* **Task goal**: Would you return, word for word, the lines of the data below from the line with "circle A1 centre (24.445, 3)" through the line with "line L4 (-57.445, -12)", and no others?

[Data entries]
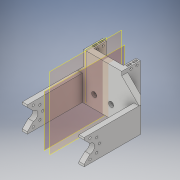
# Autodesk Inventor part: lower_head
Saved by Autodesk Inventor 2018 (Build 220112000, 112)
## iProperties
Created: 2019-07-26
Part Number: lower_head
Material: Generic
Document SubType Name: Modeling
Designer: Jasper
Density: 1 g/cm^3
Appearance: Default
Author: Jasper
Autodesk Inventor part; units mm, degrees
ref_plane "YZ Plane" through (0, 0, 0) normal (1, 0, 0) x (0, 1, 0)
ref_plane "XZ Plane" through (0, 0, 0) normal (0, 1, 0) x (-1, 0, 0)
ref_plane "XY Plane" through (0, 0, 0) normal (0, 0, 1) x (1, 0, 0)
ref_plane "Work Plane1" through (0, 0, 0) normal (0, 0, 1) x (1, 0, 0)
sketch "Sketch1" plane through (0, 0, 0) normal (0, 0, 1) x (1, 0, 0)
  spline S0 degree 3 poles (24.945, 36.948) (24.9657, 36.9478) (24.9864, 36.9481) (25.0138, 36.949) (25.0204, 36.9492) (25.0506, 36.9504) (25.0741, 36.9518) (25.1459, 36.9572) (25.1935, 36.9625) (25.3334, 36.9824) (25.4011, 36.9974) (25.4283, 36.9999) (25.4303, 37) (25.4323, 37) knots 0 0 0 0 0.104821 0.104821 0.138462 0.138462 0.257669 0.257669 0.503006 0.503006 0.968716 0.968716 1 1 1 1 construction
  spline S1 degree 3 poles (24.4578, 37) (24.4582, 37) (24.4584, 37) (24.4781, 36.9997) (24.546, 36.9843) (24.6885, 36.9635) (24.7373, 36.9579) (24.8123, 36.952) (24.8376, 36.9505) (24.8705, 36.9492) (24.878, 36.9489) (24.9054, 36.9481) (24.9252, 36.9478) (24.945, 36.948) knots 0 0 0 0 0.004459 0.004459 0.478269 0.478269 0.731877 0.731877 0.860778 0.860778 0.899168 0.899168 1 1 1 1 construction
  line L0 (24.4578, 37) -> (12.2323, 37) construction
  spline S2 degree 3 poles (11.745, 36.948) (11.7637, 36.9478) (11.7823, 36.9481) (11.8086, 36.9488) (11.8162, 36.949) (11.8484, 36.9503) (11.873, 36.9517) (11.9459, 36.9572) (11.9935, 36.9625) (12.1334, 36.9824) (12.2011, 36.9975) (12.2283, 36.9999) (12.2303, 37) (12.2323, 37) knots 0 0 0 0 0.094473 0.094473 0.133014 0.133014 0.257683 0.257683 0.503048 0.503048 0.968909 0.968909 1 1 1 1 construction
  spline S3 degree 3 poles (11.2578, 37) (11.2582, 37) (11.2584, 37) (11.278, 36.9997) (11.346, 36.9843) (11.4885, 36.9635) (11.5373, 36.9579) (11.611, 36.9521) (11.635, 36.9507) (11.6654, 36.9494) (11.6718, 36.9491) (11.7005, 36.9482) (11.7227, 36.9478) (11.745, 36.948) knots 0 0 0 0 0.004371 0.004371 0.478215 0.478215 0.731915 0.731915 0.854103 0.854103 0.886738 0.886738 1 1 1 1 construction
  line L1 (11.2578, 37) -> (9.1048, 37) construction
  line L2 (9.1048, 37) -> (0.945, 37) construction
  line L3 (0.945, 2.1131) -> (0.945, 37) construction
  line L4 (0.9925, 0.3) -> (0.945, 2.1131) construction
  line L5 (27.8975, 0.3) -> (0.9925, 0.3) construction
  line L6 (27.945, 2.1131) -> (27.8975, 0.3) construction
  line L7 (27.945, 37) -> (27.945, 2.1131) construction
  line L8 (27.945, 37) -> (27.5852, 37) construction
  line L9 (27.5852, 37) -> (25.4323, 37) construction
  circle A0 centre (4.445, 3) radius 1.7561 construction
  circle A1 centre (8.445, 4.5) radius 1.1544 construction
  circle A2 centre (20.445, 4.5) radius 1.1544 construction
  circle A3 centre (24.445, 3) radius 1.7561 construction
  line L10 (20.445, 29.1974) -> (16.2772, 29.1974) construction
  arc A4 (20.445, 23.8026) -> (20.445, 29.1974) centre (20.445, 26.5) ccw construction
  line L11 (15.54, 23.8026) -> (20.445, 23.8026) construction
  arc A5 (13.35, 23.8026) -> (15.54, 23.8026) centre (14.445, 26.7) ccw construction
  line L12 (8.445, 23.8026) -> (13.35, 23.8026) construction
  arc A6 (8.445, 29.1974) -> (8.445, 23.8026) centre (8.445, 26.5) ccw construction
  line L13 (12.6128, 29.1974) -> (8.445, 29.1974) construction
  arc A7 (16.2772, 29.1974) -> (12.6128, 29.1974) centre (14.445, 26.7) ccw construction
  line L14 (1.0679, 41.7079) -> (27.8221, 41.7079) construction
  line L15 (36.945, -12) -> (-8.055, -12)
  line L16 (-8.055, -12) -> (-8.055, 65.4)
  line L17 (-8.055, 65.4) -> (36.945, 65.4)
  line L18 (36.945, 65.4) -> (36.945, -12)
  line L19 (36.945, -12) -> (-8.055, 65.4) construction
  line L20 (-8.055, -12) -> (36.945, 65.4) construction
  point P0 (0, 0)
  point P1 (14.445, -12)
  dimension "d0" = 45
  dimension "d13" = 77.4
  constraints: 12 end point, 3 midpoint, 2 parallel, 1 horizontal, 1 perpendicular
  measures "d0" distance of L16.end L17.end
  measures "d13" distance between parallel lines of L15 L17
extrude "Extrusion1" add sketch "Sketch1" along normal blind 5
sketch "Sketch4" plane through (0, 0, 5) normal (0, 0, 1) x (1, 0, 0)
  line L0 (-8.055, -12) -> (36.945, -12) construction
  line L1 (36.945, -12) -> (36.945, 65.4) construction
  line L2 (36.945, 65.4) -> (-8.055, 65.4) construction
  line L3 (-8.055, 65.4) -> (-8.055, -12) construction
  line L4 (36.945, -12) -> (14.445, -12) construction
  line L5 (14.445, -12) -> (14.445, 23) construction
  line L6 (-15.555, -12) -> (44.445, -12)
  line L7 (44.445, -12) -> (44.445, 58)
  line L8 (44.445, 58) -> (-15.555, 58)
  line L9 (-15.555, 58) -> (-15.555, -12)
  line L10 (-15.555, -12) -> (44.445, 58) construction
  line L11 (44.445, -12) -> (-15.555, 58) construction
  line L12 (44.445, 58) -> (57.445, 58)
  line L13 (57.445, 58) -> (57.445, -12)
  line L14 (57.445, -12) -> (44.445, -12)
  line L15 (44.445, -12) -> (44.445, 58)
  point P0 (0, 0)
  dimension "d9" = 22.5
  dimension "d10" = 35
  dimension "d11" = 60
  dimension "d12" = 70
  dimension "d14" = 13
  dimension "d15" = 70
  constraints: 24 end point, 4 parallel, 3 midpoint, 3 perpendicular, 2 horizontal
  measures "d9" distance of L0.end L4.end
  measures "d10" distance of L4.end L5.end
  measures "d11" distance between parallel lines of L9 L7
  measures "d12" distance between parallel lines of L6 L8
  measures "d14" distance of L13.end L14.end
  measures "d15" distance of L12.end L13.end
extrude "Extrusion3" add sketch "Sketch4" along normal blind 2
sketch "Sketch5" plane through (0, 0, 7) normal (0, 0, 1) x (1, 0, 0)
  line L0 (-15.555, -12) -> (57.445, -12) construction
  line L1 (57.445, -12) -> (57.445, 58) construction
  line L2 (57.445, 58) -> (-15.555, 58) construction
  line L3 (-15.555, 58) -> (-15.555, -12) construction
  spline S0 degree 3 poles (24.945, 36.948) (24.9657, 36.9478) (24.9864, 36.9481) (25.0138, 36.949) (25.0204, 36.9492) (25.0506, 36.9504) (25.0741, 36.9518) (25.1459, 36.9572) (25.1935, 36.9625) (25.3334, 36.9824) (25.4011, 36.9974) (25.4283, 36.9999) (25.4303, 37) (25.4323, 37) knots 0 0 0 0 0.104821 0.104821 0.138462 0.138462 0.257669 0.257669 0.503006 0.503006 0.968716 0.968716 1 1 1 1 construction
  spline S1 degree 3 poles (24.4578, 37) (24.4582, 37) (24.4584, 37) (24.4781, 36.9997) (24.546, 36.9843) (24.6885, 36.9635) (24.7373, 36.9579) (24.8123, 36.952) (24.8376, 36.9505) (24.8705, 36.9492) (24.878, 36.9489) (24.9054, 36.9481) (24.9252, 36.9478) (24.945, 36.948) knots 0 0 0 0 0.004459 0.004459 0.478269 0.478269 0.731877 0.731877 0.860778 0.860778 0.899168 0.899168 1 1 1 1 construction
  line L4 (24.4578, 37) -> (12.2323, 37) construction
  spline S2 degree 3 poles (11.745, 36.948) (11.7637, 36.9478) (11.7823, 36.9481) (11.8086, 36.9488) (11.8162, 36.949) (11.8484, 36.9503) (11.873, 36.9517) (11.9459, 36.9572) (11.9935, 36.9625) (12.1334, 36.9824) (12.2011, 36.9975) (12.2283, 36.9999) (12.2303, 37) (12.2323, 37) knots 0 0 0 0 0.094473 0.094473 0.133014 0.133014 0.257683 0.257683 0.503048 0.503048 0.968909 0.968909 1 1 1 1 construction
  spline S3 degree 3 poles (11.2578, 37) (11.2582, 37) (11.2584, 37) (11.278, 36.9997) (11.346, 36.9843) (11.4885, 36.9635) (11.5373, 36.9579) (11.611, 36.9521) (11.635, 36.9507) (11.6654, 36.9494) (11.6718, 36.9491) (11.7005, 36.9482) (11.7227, 36.9478) (11.745, 36.948) knots 0 0 0 0 0.004371 0.004371 0.478215 0.478215 0.731915 0.731915 0.854103 0.854103 0.886738 0.886738 1 1 1 1 construction
  line L5 (11.2578, 37) -> (9.1048, 37) construction
  line L6 (9.1048, 37) -> (0.945, 37) construction
  line L7 (0.945, 2.1131) -> (0.945, 37) construction
  line L8 (0.9925, 0.3) -> (0.945, 2.1131) construction
  line L9 (27.8975, 0.3) -> (0.9925, 0.3) construction
  line L10 (27.945, 2.1131) -> (27.8975, 0.3) construction
  line L11 (27.945, 37) -> (27.945, 2.1131) construction
  line L12 (27.945, 37) -> (27.5852, 37) construction
  line L13 (27.5852, 37) -> (25.4323, 37) construction
  circle A0 centre (4.445, 3) radius 1.7561 construction
  circle A1 centre (8.445, 4.5) radius 1.1544 construction
  circle A2 centre (20.445, 4.5) radius 1.1544 construction
  circle A3 centre (24.445, 3) radius 1.7561 construction
  line L14 (20.445, 29.1974) -> (16.2772, 29.1974) construction
  arc A4 (20.445, 23.8026) -> (20.445, 29.1974) centre (20.445, 26.5) ccw construction
  line L15 (15.54, 23.8026) -> (20.445, 23.8026) construction
  arc A5 (13.35, 23.8026) -> (15.54, 23.8026) centre (14.445, 26.7) ccw construction
  line L16 (8.445, 23.8026) -> (13.35, 23.8026) construction
  arc A6 (8.445, 29.1974) -> (8.445, 23.8026) centre (8.445, 26.5) ccw construction
  line L17 (12.6128, 29.1974) -> (8.445, 29.1974) construction
  arc A7 (16.2772, 29.1974) -> (12.6128, 29.1974) centre (14.445, 26.7) ccw construction
  line L18 (4.445, 3) -> (-15.555, 3) construction
  line L19 (-15.555, 58) -> (-15.555, -12)
  line L20 (-15.555, 3) -> (-0.555, 3) construction
  line L21 (-15.555, -12) -> (-9.555, -12)
  line L22 (-9.555, -12) -> (-9.555, 18)
  line L23 (-9.555, 18) -> (-15.555, 18)
  line L24 (-15.555, 18) -> (-15.555, -12)
  line L25 (57.445, -12) -> (20.945, -12) construction
  line L26 (36.945, -12) -> (-8.055, -12)
  line L27 (20.945, -12) -> (20.945, 58) construction
  line L28 (57.445, -12) -> (51.445, -12)
  line L29 (51.445, -12) -> (51.445, 18)
  line L30 (51.445, 18) -> (57.445, 18)
  line L31 (57.445, 18) -> (57.445, -12)
  point P0 (0, 0)
  point P1 (18.0626, 18.5071)
  dimension "d24" = 6
  dimension "d25" = 30
  dimension "d26" = 36.5
  dimension "d27" = 70
  dimension "d28" = 90
  constraints: 24 end point, 3 horizontal, 3 symmetric about line, 2 parallel, 2 perpendicular, 2 point on line, 1 other
  measures "d24" distance of L23.end L22.end
  measures "d25" distance of L22.end L21.end
  measures "d26" distance of L0.end L25.end
  measures "d27" distance of L25.end L27.end
  measures "d28" angle of L25 L27
sketch "Sketch6" plane through (0, 0, 0) normal (0, 0, -1) x (-1, 0, 0)
  line L0 (-36.945, -12) -> (8.055, -12) construction
  line L1 (8.055, -12) -> (8.055, 65.4) construction
  line L2 (8.055, 65.4) -> (-36.945, 65.4) construction
  line L3 (-36.945, 65.4) -> (-36.945, -12) construction
  line L4 (-36.945, -12) -> (8.055, -12)
  line L5 (8.055, -12) -> (8.055, -7)
  line L6 (8.055, -7) -> (-36.945, -7)
  line L7 (-36.945, -7) -> (-36.945, -12)
  point P0 (0, 0)
  dimension "d20" = 45
  dimension "d21" = 5
  constraints: 8 end point, 2 parallel, 1 horizontal, 1 perpendicular
  measures "d20" distance of L6.end L5.end
  measures "d21" distance of L5.end L4.end
extrude "Extrusion4" cut sketch "Sketch6" against normal blind 5
extrude "Extrusion5" add sketch "Sketch5" along normal blind 65
sketch "Sketch8" plane through (0, 0, 5) normal (0, 0, -1) x (-1, 0, 0)
  line L0 (-36.945, -7) -> (-36.945, 58) projected
  line L1 (-57.445, 58) -> (-36.945, 58) projected
  line L2 (-57.445, -12) -> (-57.445, 58) projected
  line L3 (-57.445, 18) -> (-57.445, 58) projected
  line L4 (-57.445, 58) -> (-36.945, 58)
  line L5 (-36.945, 58) -> (-36.945, 38.5)
  line L6 (-36.945, 38.5) -> (-57.445, 38.5)
  line L7 (-57.445, 38.5) -> (-57.445, 58)
  line L8 (8.055, 58) -> (8.055, -7) projected
  line L9 (-36.945, -7) -> (8.055, -7) projected
  line L10 (15.555, -12) -> (-57.445, -12) projected
  line L11 (15.555, 58) -> (15.555, -12) projected
  line L12 (8.055, 58) -> (15.555, 58) projected
  point P0 (0, 0)
  dimension "d31" = 20.5
  dimension "d32" = 19.5
  constraints: 8 end point, 2 parallel, 1 horizontal, 1 perpendicular
  measures "d31" distance of L5.end L6.end
  measures "d32" distance of L4.end L5.end
extrude "Extrusion6" cut sketch "Sketch8" against normal up to surface (2 mm away) contours L6 L2 L1 L0
chamfer "Chamfer1" distance 20.5 angle 45 1 edges at (57.445, 38.5, 6)
sketch "Sketch9" plane through (57.445, -12, 72) normal (1, 0, 0) x (0, 0, -1)
  line L0 (0, 30) -> (0, 15) construction
  line L1 (0, 30) -> (0, 0) construction
  line L2 (0, 15) -> (7, 15) construction
  circle A0 centre (7, 15) radius 5.5
  line L3 (7, 15) -> (7, 26) construction
  line L4 (7, 15) -> (18, 15) construction
  circle A1 centre (7, 26) radius 1.35
  circle A2 centre (14.7782, 22.7782) radius 1.35
  circle A3 centre (18, 15) radius 1.35
  circle A4 centre (14.7782, 7.2218) radius 1.35
  circle A5 centre (7, 4) radius 1.35
  line L5 (7, 20.5) -> (0, 27.5)
  line L6 (7, 20.5) -> (16.8995, 20.5) construction
  line L7 (7, 9.5) -> (0, 2.5)
  line L8 (7, 20.5) -> (7, 9.5)
  line L9 (0, 27.5) -> (0, 2.5)
  point P0 (72, 12)
  dimension "d47" = 15
  dimension "d48" = 7
  dimension "d49" = 11
  dimension "d50" = 11
  dimension "d51" = 90
  dimension "d52" = 2.7
  dimension "d55" = 180
  dimension "d57" = 135
  constraints: 18 end point, 6 centre point, 2 coincident, 2 collinear, 2 equal length, 2 horizontal, 2 midpoint, 2 symmetric about line, 1 perpendicular, 1 point on line, 1 vertical, 9 other
  measures "d47" distance of L0.start L0.end
  measures "d48" distance of L0.end L2.end
  measures "d49" diameter of A0
  measures "d50" distance of L3.start L3.end
  measures "d51" angle of L4 L3
  measures "d52" diameter of A1
  measures "d57" angle of L6 L5
extrude "Extrusion7" cut sketch "Sketch9" against normal up to surface (6 mm away)
ref_plane "Work Plane2" through (20.945, -12, 7) normal (1, 0, 0) x (0, 0, -1)
mirror "Mirror1" about plane through (20.945, -12, 7) normal (1, 0, 0) of "Extrusion7"
sketch "Sketch10" plane through (0, 0, 7) normal (0, 0, 1) x (1, 0, 0)
  spline S0 degree 3 poles (24.945, 36.948) (24.9657, 36.9478) (24.9864, 36.9481) (25.0138, 36.949) (25.0204, 36.9492) (25.0506, 36.9504) (25.0741, 36.9518) (25.1459, 36.9572) (25.1935, 36.9625) (25.3334, 36.9824) (25.4011, 36.9974) (25.4283, 36.9999) (25.4303, 37) (25.4323, 37) knots 0 0 0 0 0.104821 0.104821 0.138462 0.138462 0.257669 0.257669 0.503006 0.503006 0.968716 0.968716 1 1 1 1
  spline S1 degree 3 poles (24.4578, 37) (24.4582, 37) (24.4584, 37) (24.4781, 36.9997) (24.546, 36.9843) (24.6885, 36.9635) (24.7373, 36.9579) (24.8123, 36.952) (24.8376, 36.9505) (24.8705, 36.9492) (24.878, 36.9489) (24.9054, 36.9481) (24.9252, 36.9478) (24.945, 36.948) knots 0 0 0 0 0.004459 0.004459 0.478269 0.478269 0.731877 0.731877 0.860778 0.860778 0.899168 0.899168 1 1 1 1
  line L0 (24.4578, 37) -> (12.2323, 37)
  spline S2 degree 3 poles (11.745, 36.948) (11.7637, 36.9478) (11.7823, 36.9481) (11.8086, 36.9488) (11.8162, 36.949) (11.8484, 36.9503) (11.873, 36.9517) (11.9459, 36.9572) (11.9935, 36.9625) (12.1334, 36.9824) (12.2011, 36.9975) (12.2283, 36.9999) (12.2303, 37) (12.2323, 37) knots 0 0 0 0 0.094473 0.094473 0.133014 0.133014 0.257683 0.257683 0.503048 0.503048 0.968909 0.968909 1 1 1 1
  spline S3 degree 3 poles (11.2578, 37) (11.2582, 37) (11.2584, 37) (11.278, 36.9997) (11.346, 36.9843) (11.4885, 36.9635) (11.5373, 36.9579) (11.611, 36.9521) (11.635, 36.9507) (11.6654, 36.9494) (11.6718, 36.9491) (11.7005, 36.9482) (11.7227, 36.9478) (11.745, 36.948) knots 0 0 0 0 0.004371 0.004371 0.478215 0.478215 0.731915 0.731915 0.854103 0.854103 0.886738 0.886738 1 1 1 1
  line L1 (11.2578, 37) -> (9.1048, 37)
  line L2 (9.1048, 37) -> (0.945, 37)
  line L3 (0.945, 2.1131) -> (0.945, 37)
  line L4 (0.9925, 0.3) -> (0.945, 2.1131)
  line L5 (27.8975, 0.3) -> (0.9925, 0.3)
  line L6 (27.945, 2.1131) -> (27.8975, 0.3)
  line L7 (27.945, 37) -> (27.945, 2.1131)
  line L8 (27.945, 37) -> (27.5852, 37)
  line L9 (27.5852, 37) -> (25.4323, 37)
  circle A0 centre (4.445, 3) radius 1.7561
  circle A1 centre (8.445, 4.5) radius 1.1544
  circle A2 centre (20.445, 4.5) radius 1.1544
  circle A3 centre (24.445, 3) radius 1.7561
  line L10 (20.445, 29.1974) -> (16.2772, 29.1974)
  arc A4 (20.445, 23.8026) -> (20.445, 29.1974) centre (20.445, 26.5) ccw
  line L11 (15.54, 23.8026) -> (20.445, 23.8026)
  arc A5 (13.35, 23.8026) -> (15.54, 23.8026) centre (14.445, 26.7) ccw
  line L12 (8.445, 23.8026) -> (13.35, 23.8026)
  arc A6 (8.445, 29.1974) -> (8.445, 23.8026) centre (8.445, 26.5) ccw
  line L13 (12.6128, 29.1974) -> (8.445, 29.1974)
  arc A7 (16.2772, 29.1974) -> (12.6128, 29.1974) centre (14.445, 26.7) ccw
  point P0 (0, 0)
extrude "Extrusion8" cut sketch "Sketch10" against normal up to surface (7 mm away) contours A0 | A3
sketch "Sketch11" plane through (0, 0, 7) normal (0, 0, 1) x (1, 0, 0)
  circle A0 centre (4.445, 3) radius 1.7561 construction
  circle A1 centre (24.445, 3) radius 1.7561 construction
  line L0 (-15.555, 58) -> (-15.555, 18) construction
  line L1 (-15.555, 18) -> (-9.555, 18) construction
  line L2 (-9.555, 18) -> (-9.555, -12) construction
  line L3 (-9.555, -12) -> (51.445, -12) construction
  line L4 (51.445, -12) -> (51.445, 18) construction
  line L5 (51.445, 18) -> (57.445, 18) construction
  line L6 (36.945, 38.5) -> (57.445, 18) construction
  line L7 (36.945, 38.5) -> (36.945, 58) construction
  circle A2 centre (4.445, 3) radius 3
  circle A3 centre (24.445, 3) radius 3
  line L8 (36.945, 58) -> (-15.555, 58) projected
  point P0 (0, 0)
  dimension "d62" = 6
  dimension "d63" = 6
  constraints: 2 centre point, 2 coincident
  measures "d62" diameter of A2
  measures "d63" diameter of A3
sketch "Sketch12" plane through (0, 0, 5) normal (0, 0, -1) x (-1, 0, 0)
  line L0 (8.055, 58) -> (8.055, -7) construction
  line L1 (-36.945, -7) -> (8.055, -7) construction
  line L2 (-36.945, -7) -> (-36.945, 38.5) construction
  line L3 (-57.445, 18) -> (-36.945, 38.5) construction
  line L4 (-57.445, -12) -> (-57.445, 18) construction
  line L5 (15.555, -12) -> (-57.445, -12) construction
  line L6 (15.555, 58) -> (15.555, -12) construction
  line L7 (-36.945, -7) -> (-36.945, 38.5) projected
  line L8 (-36.945, 38.5) -> (-36.945, -7)
  line L9 (-36.945, -7) -> (-57.445, -7)
  line L10 (-57.445, -7) -> (-57.445, 18)
  line L11 (-36.945, 38.5) -> (-57.445, 18) projected
  line L12 (-36.945, 38.5) -> (-57.445, 18)
  line L13 (8.055, 58) -> (15.555, 58) projected
  point P0 (0, 0)
  constraints: 8 end point, 2 collinear, 1 perpendicular, 1 point on line
extrude "Extrusion9" add sketch "Sketch12" along normal blind 5
chamfer "Chamfer5" distance 5 angle 45 1 edges at (57.445, 5.5, 0)
chamfer "Chamfer6" distance 5 angle 45 1 edges at (24.695, -7, 5)
sketch "Sketch14" plane through (0, 0, 5) normal (0, 0, -1) x (-1, 0, 0)
  line L0 (15.555, 18) -> (9.555, 18) construction
  line L1 (9.555, 18) -> (15.555, 18) construction
  line L2 (8.055, 58) -> (8.055, -12) construction
  line L3 (15.555, -12) -> (8.055, -12) construction
  line L4 (15.555, 58) -> (15.555, -12) construction
  line L5 (8.055, 58) -> (15.555, 58) construction
  line L6 (15.555, 18) -> (9.555, 18) construction
  line L7 (15.555, 18) -> (15.555, 25.5) construction
  line L8 (15.555, 58) -> (15.555, -12) construction
  line L9 (8.055, 58) -> (8.055, -12) projected
  line L10 (15.555, 25.5) -> (8.055, 25.5)
  line L11 (8.055, 25.5) -> (8.055, 58)
  line L12 (8.055, 58) -> (15.555, 58)
  line L13 (15.555, 58) -> (15.555, 25.5)
  point P0 (0, 0)
  dimension "d72" = 7.5
  constraints: 10 end point, 2 parallel, 1 horizontal, 1 perpendicular, 1 point on line
  measures "d72" distance of L6.start L7.end
extrude "Extrusion10" cut sketch "Sketch14" against normal up to surface (2 mm away)
chamfer "Chamfer7" distance 7.5 angle 45 1 edges at (-15.555, 25.5, 6)
sketch "Sketch15" plane through (0, 0, 5) normal (0, 0, -1) x (-1, 0, 0)
  line L0 (8.055, 25.5) -> (15.555, 18) projected
  line L1 (8.055, 25.5) -> (8.055, -12) projected
  line L2 (15.555, -12) -> (8.055, -12) projected
  line L3 (15.555, 18) -> (15.555, -12) projected
  point P0 (0, 0)
extrude "Extrusion11" add sketch "Sketch15" along normal blind 5
chamfer "Chamfer8" distance 5 angle 45 1 edges at (-11.805, -12, 0)
chamfer "Chamfer9" distance 5 angle 45 1 edges at (-15.555, 5.5, 0)
extrude "Extrusion12" cut sketch "Sketch11" against normal blind 3
sketch "Sketch16" plane through (0, 0, 0) normal (0, 0, -1) x (-1, 0, 0)
  line L0 (10.555, 23) -> (10.555, -7) construction
  line L1 (10.555, 23) -> (8.055, 25.5) construction
  line L2 (8.055, 25.5) -> (8.055, 65.4) construction
  line L3 (8.055, 65.4) -> (-36.945, 65.4) construction
  line L4 (-36.945, 65.4) -> (-36.945, 38.5) construction
  line L5 (-36.945, 38.5) -> (-52.445, 23) construction
  line L6 (-52.445, -7) -> (-52.445, 23) construction
  line L7 (10.555, -7) -> (-52.445, -7) construction
  circle A0 centre (-24.445, 3) radius 1.7561 construction
  circle A1 centre (-4.445, 3) radius 1.7561 construction
  line L8 (10.555, -7) -> (-52.445, -7)
  line L9 (8.055, 65.4) -> (3.055, 65.4)
  line L10 (3.055, 65.4) -> (3.055, -7)
  line L11 (3.055, -7) -> (8.055, -7)
  line L12 (8.055, -7) -> (8.055, 65.4)
  line L13 (-4.445, 3) -> (-14.445, 3) construction
  line L14 (-14.445, 3) -> (-14.445, 53) construction
  line L15 (-39.445, -7) -> (23.555, -7)
  line L16 (-36.945, 65.4) -> (-31.945, 65.4)
  line L17 (-31.945, 65.4) -> (-31.945, -7)
  line L18 (-36.945, -7) -> (-36.945, 65.4)
  line L19 (-31.945, -7) -> (-36.945, -7)
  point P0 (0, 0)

* **Answer space**:
  circle A1 centre (24.445, 3) radius 1.7561 construction
  line L0 (-15.555, 58) -> (-15.555, 18) construction
  line L1 (-15.555, 18) -> (-9.555, 18) construction
  line L2 (-9.555, 18) -> (-9.555, -12) construction
  line L3 (-9.555, -12) -> (51.445, -12) construction
  line L4 (51.445, -12) -> (51.445, 18) construction
  line L5 (51.445, 18) -> (57.445, 18) construction
  line L6 (36.945, 38.5) -> (57.445, 18) construction
  line L7 (36.945, 38.5) -> (36.945, 58) construction
  circle A2 centre (4.445, 3) radius 3
  circle A3 centre (24.445, 3) radius 3
  line L8 (36.945, 58) -> (-15.555, 58) projected
  point P0 (0, 0)
  dimension "d62" = 6
  dimension "d63" = 6
  constraints: 2 centre point, 2 coincident
  measures "d62" diameter of A2
  measures "d63" diameter of A3
sketch "Sketch12" plane through (0, 0, 5) normal (0, 0, -1) x (-1, 0, 0)
  line L0 (8.055, 58) -> (8.055, -7) construction
  line L1 (-36.945, -7) -> (8.055, -7) construction
  line L2 (-36.945, -7) -> (-36.945, 38.5) construction
  line L3 (-57.445, 18) -> (-36.945, 38.5) construction
  line L4 (-57.445, -12) -> (-57.445, 18) construction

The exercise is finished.